Wednesday, September 27, 2006

A brief EDI VAN History – Part II

As EDI use became more wide spread, each company followed EDI standards so that communication with their trading partners was facilitated. However, each company still had the flexibility to implement EDI transactions that fit its business requirements. Large companies had the ability to dictate to their suppliers exactly how a particular EDI transaction should be formatted.

During the 1980's, EDI became even more popular and proliferated with companies who could afford to employ a VAN and who had the technical expertise to implement EDI transactions that integrated with their back office systems. The first EDI software companies provided assistance with translating EDI transactions into and out of the format used by in-house applications so that custom EDI applications did not have to be built from scratch. EDI continued to grow in popularity as an expanding number of companies saw the benefits for themselves and their trading partners. Mainframe or mini-computers were used to run EDI systems.

PC based EDI software began to emerge in the early 1990's as an alternative and at a lower price point, although EDI was still a significant investment. Competition among VANs had reduced the cost of EDI communication somewhat, but it was still expensive.

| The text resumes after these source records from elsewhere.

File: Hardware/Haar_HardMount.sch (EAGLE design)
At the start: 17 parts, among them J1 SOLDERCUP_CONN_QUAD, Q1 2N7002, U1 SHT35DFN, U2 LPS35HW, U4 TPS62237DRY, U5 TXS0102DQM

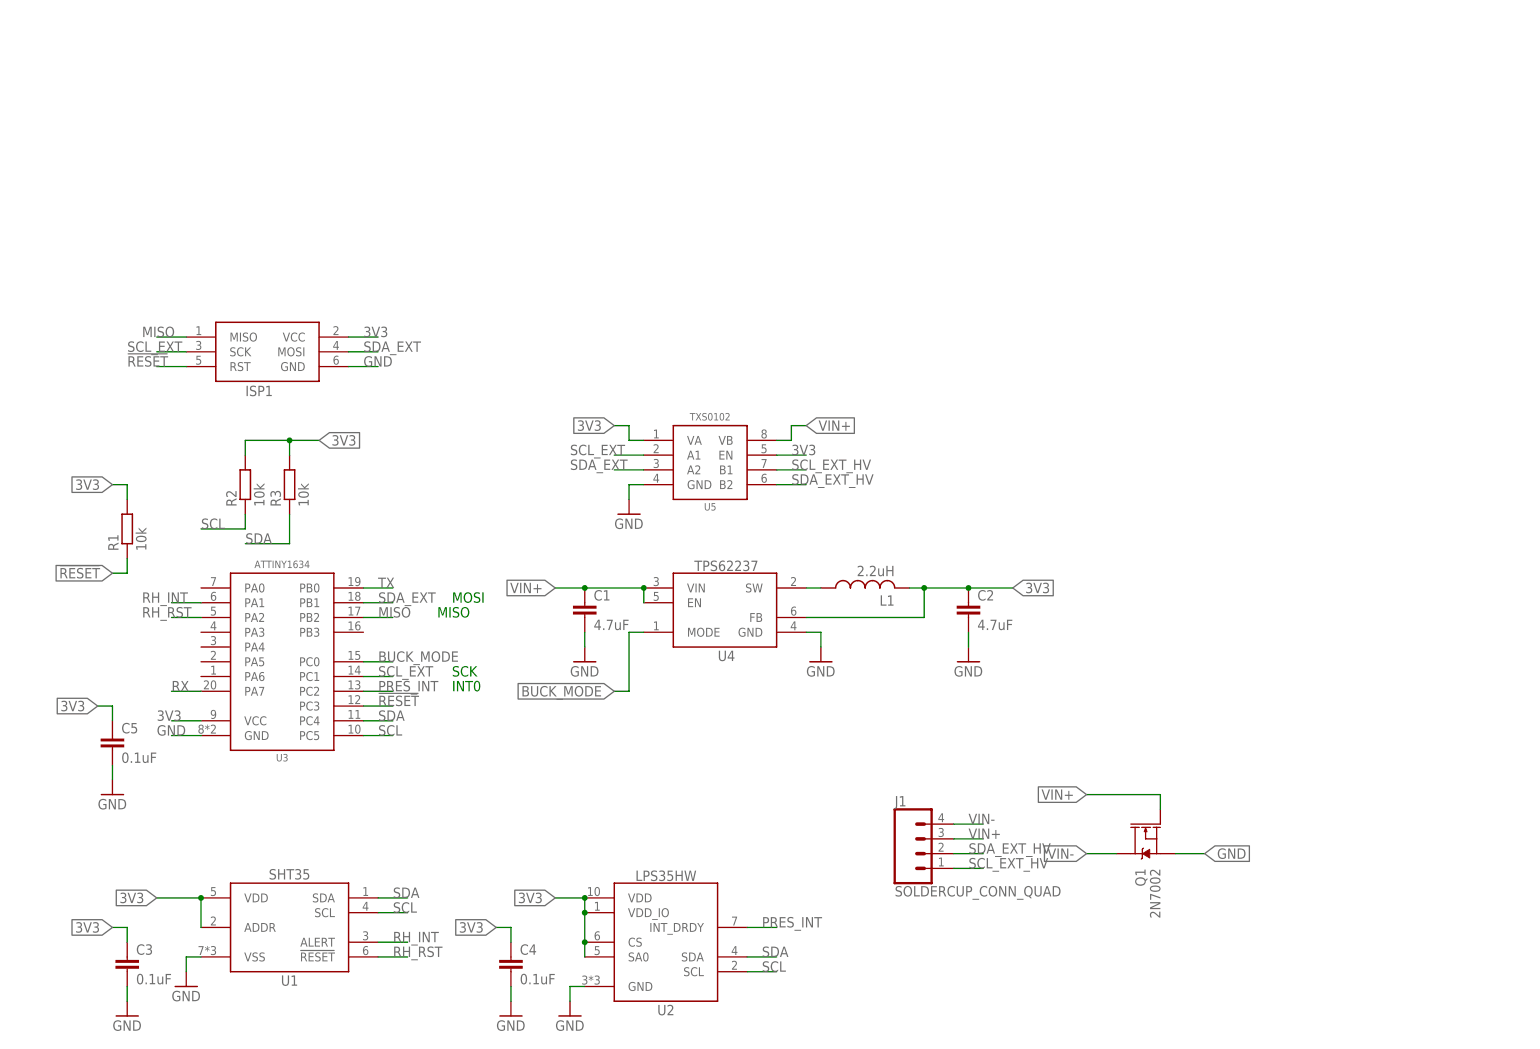
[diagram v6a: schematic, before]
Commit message: Adjusted folders, added production documents
Added BoM, added frame to Eagle schematic, moved production files into own folder, renamed folder to `Software`, and moved old design to `legacy` folder.
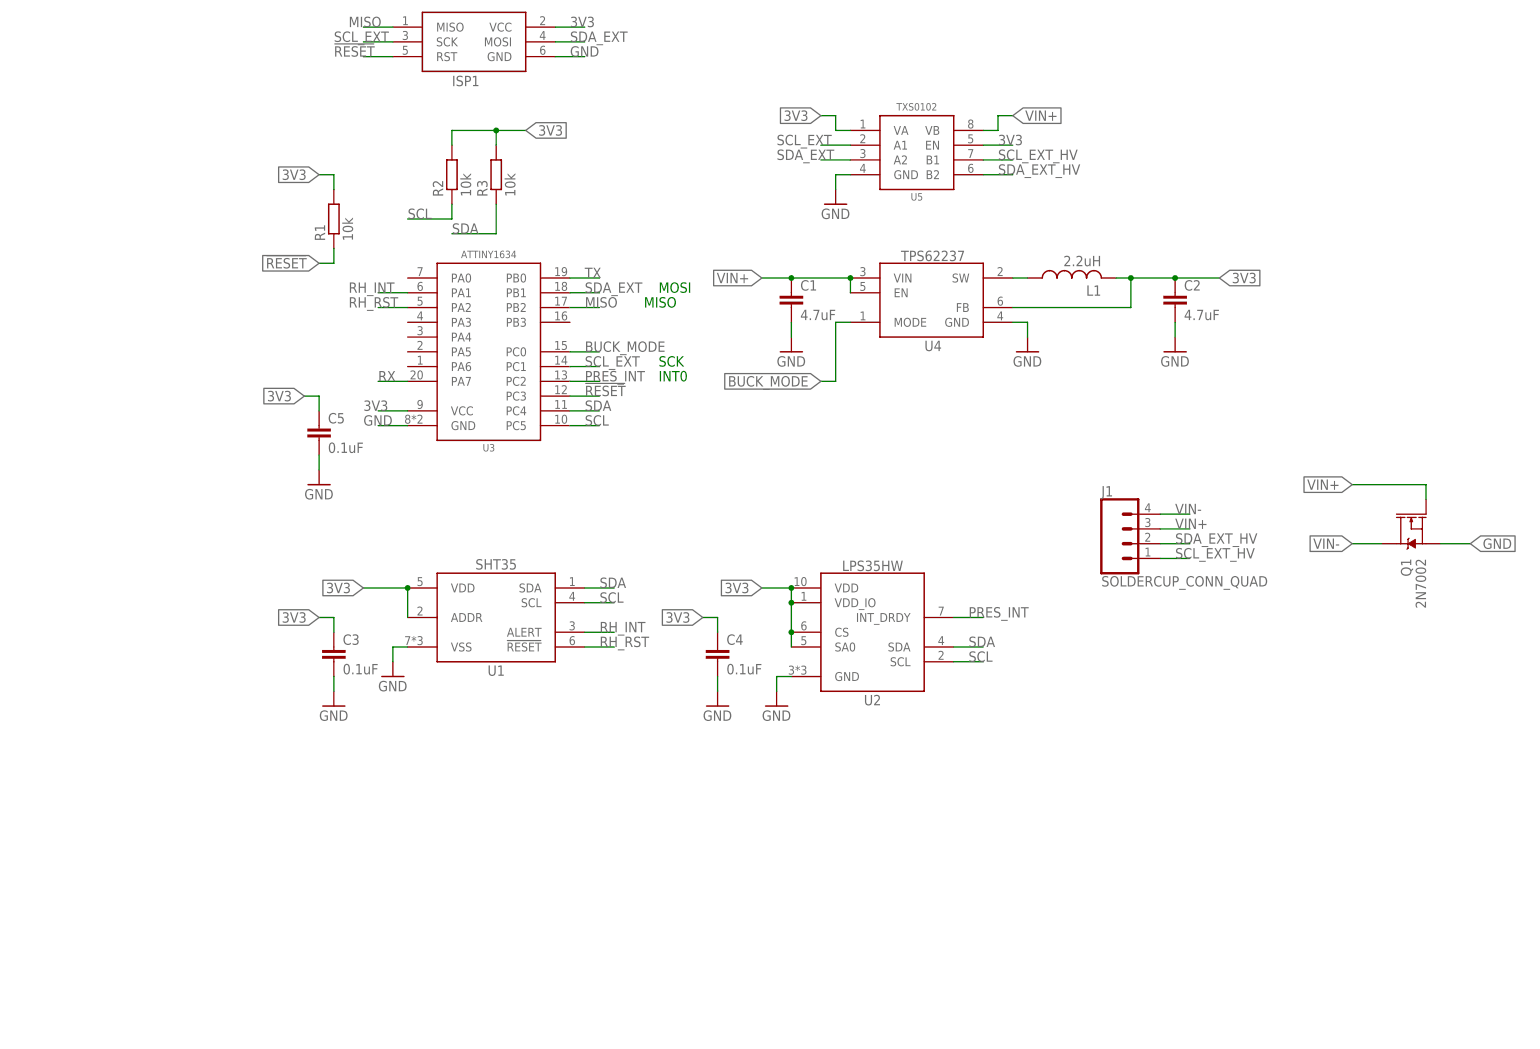
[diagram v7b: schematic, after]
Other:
- moved on the sheet: C1, C2, C3, C4, C5, ISP1, J1, L1, Q1, R1, R2, R3

Emergence of the internet in the 1990's provided the first real competition for VANs. The obvious question was "why use a VAN for communication when the internet was free"? And innovative companies did start to do point-to-point communication over the internet. Standards emerged for this communication and the most popular became AS/2 communication . Even though the transportation of the data was free, reliable and secure communication had to be maintained for each trading partner with whom EDI transactions were exchanged.

The demise of VANs was widely predicted because the internet was "free". However, in the late 1990's and the 2000's VANs reduced their pricing in order to stay competitive with the internet alternative. In fact, prices changed so much that it again became cheaper for many companies to outsource their point-to-point communication to a VAN rather than doing it themselves with AS/2. Many of their trading partners still used a VAN for the same reason. Some VANs began offering connections to trading partners that used AS/2 communication, while others resisted the trend. Today a competitive VAN offers their customers one point of communication regardless of their trading partners' communication preferences.


At 2:00 PM, Anonymous EDI Provider said...

I am looking for EDI news. I read your A brief EDI VAN History part-I. The information shared by you in this post is very impressive. Keep on posting!

At 10:40 AM, Anonymous Karuna said...

Thanks a lot for providing valuable information in VAN history and its usage. I would like to know how VANs interconnect with each other. Does it happen in a way just like how they would connect with any other trading partner? Or is there any technicalities involved in it?